-- DATA SHOWN follows --

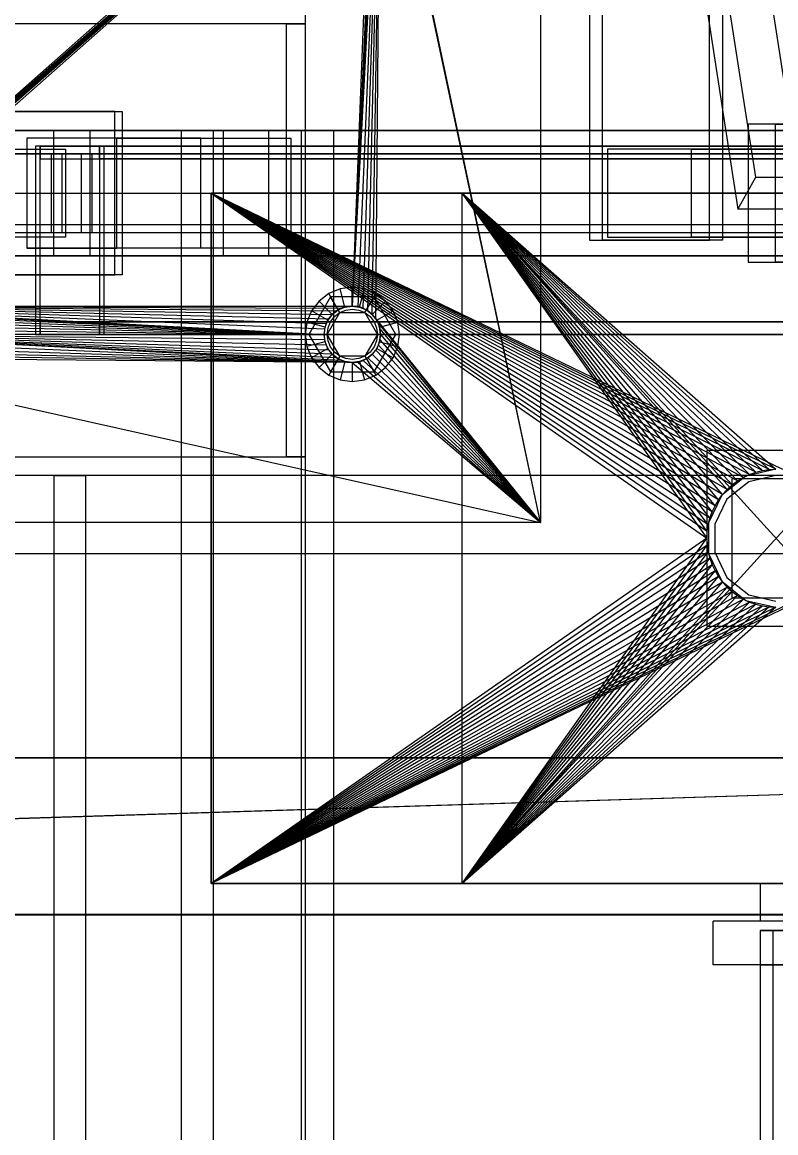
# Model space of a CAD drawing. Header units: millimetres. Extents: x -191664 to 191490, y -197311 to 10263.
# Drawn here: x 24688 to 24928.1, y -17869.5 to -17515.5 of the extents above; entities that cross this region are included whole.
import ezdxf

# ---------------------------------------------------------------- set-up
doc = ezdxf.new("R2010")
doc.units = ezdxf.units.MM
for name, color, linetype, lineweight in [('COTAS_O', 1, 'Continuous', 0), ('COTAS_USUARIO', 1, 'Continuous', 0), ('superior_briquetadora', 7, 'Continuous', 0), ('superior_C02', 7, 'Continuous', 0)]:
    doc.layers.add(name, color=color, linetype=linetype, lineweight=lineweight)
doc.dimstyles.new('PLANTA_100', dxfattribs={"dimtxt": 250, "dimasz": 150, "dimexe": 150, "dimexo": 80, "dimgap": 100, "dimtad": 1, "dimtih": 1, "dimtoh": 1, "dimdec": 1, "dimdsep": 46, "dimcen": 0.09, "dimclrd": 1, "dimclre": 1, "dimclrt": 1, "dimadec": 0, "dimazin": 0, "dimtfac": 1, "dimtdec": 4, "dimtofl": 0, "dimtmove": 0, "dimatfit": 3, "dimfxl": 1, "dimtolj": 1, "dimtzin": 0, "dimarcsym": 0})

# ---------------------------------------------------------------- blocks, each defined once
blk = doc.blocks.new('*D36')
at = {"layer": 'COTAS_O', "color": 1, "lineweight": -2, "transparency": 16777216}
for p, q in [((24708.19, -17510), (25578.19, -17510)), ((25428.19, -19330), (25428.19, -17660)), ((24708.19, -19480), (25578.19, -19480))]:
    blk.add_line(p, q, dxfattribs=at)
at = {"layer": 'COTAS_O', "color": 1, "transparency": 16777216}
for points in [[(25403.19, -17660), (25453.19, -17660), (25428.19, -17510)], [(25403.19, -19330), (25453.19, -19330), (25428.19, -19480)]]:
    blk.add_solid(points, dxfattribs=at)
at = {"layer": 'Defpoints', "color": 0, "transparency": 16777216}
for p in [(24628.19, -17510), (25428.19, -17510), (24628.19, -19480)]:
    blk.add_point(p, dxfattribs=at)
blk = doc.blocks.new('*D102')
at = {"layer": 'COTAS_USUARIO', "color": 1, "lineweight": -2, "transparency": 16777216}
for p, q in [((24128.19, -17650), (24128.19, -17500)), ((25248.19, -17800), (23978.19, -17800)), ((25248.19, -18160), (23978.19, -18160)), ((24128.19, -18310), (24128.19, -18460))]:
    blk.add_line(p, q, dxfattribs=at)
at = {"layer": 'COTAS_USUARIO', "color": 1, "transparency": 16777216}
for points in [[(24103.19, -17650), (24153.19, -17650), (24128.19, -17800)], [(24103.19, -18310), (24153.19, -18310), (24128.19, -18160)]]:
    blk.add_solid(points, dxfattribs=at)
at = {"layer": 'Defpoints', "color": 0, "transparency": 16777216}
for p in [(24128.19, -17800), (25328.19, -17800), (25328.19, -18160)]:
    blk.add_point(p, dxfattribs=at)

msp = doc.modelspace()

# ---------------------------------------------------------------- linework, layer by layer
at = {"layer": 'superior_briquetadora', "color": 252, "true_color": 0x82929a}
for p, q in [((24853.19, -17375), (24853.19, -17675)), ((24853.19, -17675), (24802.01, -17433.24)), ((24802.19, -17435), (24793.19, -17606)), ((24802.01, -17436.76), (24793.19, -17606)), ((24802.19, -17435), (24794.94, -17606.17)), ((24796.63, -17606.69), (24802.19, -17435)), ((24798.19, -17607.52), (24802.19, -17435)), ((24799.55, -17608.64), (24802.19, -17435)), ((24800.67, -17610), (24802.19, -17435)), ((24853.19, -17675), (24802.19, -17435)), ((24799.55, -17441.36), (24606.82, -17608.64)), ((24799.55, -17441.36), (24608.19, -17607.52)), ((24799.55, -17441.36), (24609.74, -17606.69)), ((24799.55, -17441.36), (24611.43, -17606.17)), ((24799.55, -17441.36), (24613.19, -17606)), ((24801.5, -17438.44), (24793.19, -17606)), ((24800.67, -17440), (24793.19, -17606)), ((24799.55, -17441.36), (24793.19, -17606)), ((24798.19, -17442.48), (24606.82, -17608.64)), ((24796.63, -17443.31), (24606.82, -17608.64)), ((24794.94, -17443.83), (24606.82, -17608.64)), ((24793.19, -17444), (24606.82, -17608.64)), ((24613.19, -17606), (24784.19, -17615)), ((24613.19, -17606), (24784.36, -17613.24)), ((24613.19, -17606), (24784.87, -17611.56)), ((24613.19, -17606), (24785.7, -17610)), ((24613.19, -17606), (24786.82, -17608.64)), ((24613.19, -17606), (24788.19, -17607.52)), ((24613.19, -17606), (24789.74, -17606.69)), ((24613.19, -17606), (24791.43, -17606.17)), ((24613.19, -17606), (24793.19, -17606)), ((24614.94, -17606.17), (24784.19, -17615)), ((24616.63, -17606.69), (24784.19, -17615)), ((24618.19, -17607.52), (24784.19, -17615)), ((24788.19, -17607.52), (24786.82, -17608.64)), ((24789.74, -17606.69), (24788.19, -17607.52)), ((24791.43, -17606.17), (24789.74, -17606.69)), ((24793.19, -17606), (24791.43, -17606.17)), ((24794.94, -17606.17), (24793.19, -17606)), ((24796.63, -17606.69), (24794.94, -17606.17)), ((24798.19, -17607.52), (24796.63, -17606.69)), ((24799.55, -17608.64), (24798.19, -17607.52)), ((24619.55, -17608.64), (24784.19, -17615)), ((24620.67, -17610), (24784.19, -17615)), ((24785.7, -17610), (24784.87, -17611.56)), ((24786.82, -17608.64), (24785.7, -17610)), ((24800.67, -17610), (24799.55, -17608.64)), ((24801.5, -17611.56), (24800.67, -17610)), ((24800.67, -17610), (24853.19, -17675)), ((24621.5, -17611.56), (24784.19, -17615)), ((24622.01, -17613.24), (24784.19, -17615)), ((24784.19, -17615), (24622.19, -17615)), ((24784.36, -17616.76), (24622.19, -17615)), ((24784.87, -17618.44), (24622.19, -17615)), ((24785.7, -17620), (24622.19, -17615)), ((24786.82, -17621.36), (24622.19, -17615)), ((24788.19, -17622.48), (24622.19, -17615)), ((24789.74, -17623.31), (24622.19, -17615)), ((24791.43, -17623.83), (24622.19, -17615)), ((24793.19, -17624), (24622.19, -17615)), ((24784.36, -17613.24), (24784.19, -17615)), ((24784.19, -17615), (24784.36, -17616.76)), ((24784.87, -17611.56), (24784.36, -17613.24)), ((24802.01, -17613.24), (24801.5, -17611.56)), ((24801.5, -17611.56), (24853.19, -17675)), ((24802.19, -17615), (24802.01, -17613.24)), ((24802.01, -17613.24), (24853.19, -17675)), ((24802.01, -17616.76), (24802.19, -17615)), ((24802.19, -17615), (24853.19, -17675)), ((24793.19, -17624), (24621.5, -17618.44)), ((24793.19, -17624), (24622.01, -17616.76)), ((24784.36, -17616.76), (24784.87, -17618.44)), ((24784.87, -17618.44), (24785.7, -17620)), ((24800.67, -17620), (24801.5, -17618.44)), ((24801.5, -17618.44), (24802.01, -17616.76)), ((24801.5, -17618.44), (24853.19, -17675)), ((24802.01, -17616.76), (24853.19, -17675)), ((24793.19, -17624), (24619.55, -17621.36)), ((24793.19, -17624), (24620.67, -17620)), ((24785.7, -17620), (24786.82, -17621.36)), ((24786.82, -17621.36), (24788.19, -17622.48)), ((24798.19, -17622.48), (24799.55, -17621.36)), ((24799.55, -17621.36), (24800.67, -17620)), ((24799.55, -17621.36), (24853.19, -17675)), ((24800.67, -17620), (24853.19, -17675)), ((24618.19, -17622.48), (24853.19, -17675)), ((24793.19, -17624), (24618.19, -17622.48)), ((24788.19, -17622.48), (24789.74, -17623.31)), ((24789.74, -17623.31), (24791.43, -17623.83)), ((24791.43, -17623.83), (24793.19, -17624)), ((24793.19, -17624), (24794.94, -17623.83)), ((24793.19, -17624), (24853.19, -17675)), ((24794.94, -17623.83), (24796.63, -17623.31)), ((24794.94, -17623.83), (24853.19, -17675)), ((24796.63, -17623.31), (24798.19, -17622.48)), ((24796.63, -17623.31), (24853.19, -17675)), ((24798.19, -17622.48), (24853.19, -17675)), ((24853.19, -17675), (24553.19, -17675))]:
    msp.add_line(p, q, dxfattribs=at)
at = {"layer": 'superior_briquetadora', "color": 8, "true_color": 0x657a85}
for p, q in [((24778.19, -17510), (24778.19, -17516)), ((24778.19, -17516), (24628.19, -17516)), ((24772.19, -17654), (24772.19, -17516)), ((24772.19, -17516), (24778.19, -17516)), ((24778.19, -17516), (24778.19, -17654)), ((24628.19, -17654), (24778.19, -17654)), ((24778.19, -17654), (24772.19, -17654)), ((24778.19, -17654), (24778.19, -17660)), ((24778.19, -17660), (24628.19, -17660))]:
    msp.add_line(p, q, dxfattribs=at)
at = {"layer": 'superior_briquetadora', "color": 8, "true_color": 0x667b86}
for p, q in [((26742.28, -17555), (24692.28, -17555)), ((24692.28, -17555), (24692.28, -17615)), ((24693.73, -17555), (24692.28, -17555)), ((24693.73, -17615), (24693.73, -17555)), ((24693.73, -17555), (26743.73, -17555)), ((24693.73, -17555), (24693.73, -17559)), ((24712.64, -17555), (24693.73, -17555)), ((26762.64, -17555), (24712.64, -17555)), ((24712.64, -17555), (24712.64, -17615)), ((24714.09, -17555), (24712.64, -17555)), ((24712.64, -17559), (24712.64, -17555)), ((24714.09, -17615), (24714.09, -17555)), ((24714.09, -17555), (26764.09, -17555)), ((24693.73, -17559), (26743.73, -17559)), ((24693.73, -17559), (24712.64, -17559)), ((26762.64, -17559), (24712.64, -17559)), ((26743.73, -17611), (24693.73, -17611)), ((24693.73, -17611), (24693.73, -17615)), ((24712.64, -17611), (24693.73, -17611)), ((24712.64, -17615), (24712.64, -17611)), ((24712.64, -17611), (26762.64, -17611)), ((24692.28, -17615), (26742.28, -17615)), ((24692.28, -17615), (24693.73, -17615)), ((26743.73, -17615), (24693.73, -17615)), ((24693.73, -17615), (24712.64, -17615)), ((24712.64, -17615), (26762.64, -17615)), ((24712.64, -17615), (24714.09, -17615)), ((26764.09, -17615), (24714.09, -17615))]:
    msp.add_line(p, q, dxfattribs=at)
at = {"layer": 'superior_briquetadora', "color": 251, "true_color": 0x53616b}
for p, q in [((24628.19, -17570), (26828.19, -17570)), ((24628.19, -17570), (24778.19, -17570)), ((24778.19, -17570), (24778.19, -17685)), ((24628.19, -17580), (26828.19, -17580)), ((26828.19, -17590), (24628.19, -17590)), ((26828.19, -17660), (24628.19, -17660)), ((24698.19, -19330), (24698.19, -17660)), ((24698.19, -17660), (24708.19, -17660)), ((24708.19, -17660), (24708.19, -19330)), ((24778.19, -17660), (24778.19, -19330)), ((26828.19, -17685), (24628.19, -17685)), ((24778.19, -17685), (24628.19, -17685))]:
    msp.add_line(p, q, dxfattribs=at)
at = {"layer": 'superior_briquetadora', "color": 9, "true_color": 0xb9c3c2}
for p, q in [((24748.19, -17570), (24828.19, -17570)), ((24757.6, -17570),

-- DATA SHOWN concluded --

### [TRY IT]
The lines to copy are those above that contain the string "lineweight".

### [SOLUTION FOR THIS PROBLEM]
for name, color, linetype, lineweight in [('COTAS_O', 1, 'Continuous', 0), ('COTAS_USUARIO', 1, 'Continuous', 0), ('superior_briquetadora', 7, 'Continuous', 0), ('superior_C02', 7, 'Continuous', 0)]:
    doc.layers.add(name, color=color, linetype=linetype, lineweight=lineweight)
at = {"layer": 'COTAS_O', "color": 1, "lineweight": -2, "transparency": 16777216}
at = {"layer": 'COTAS_USUARIO', "color": 1, "lineweight": -2, "transparency": 16777216}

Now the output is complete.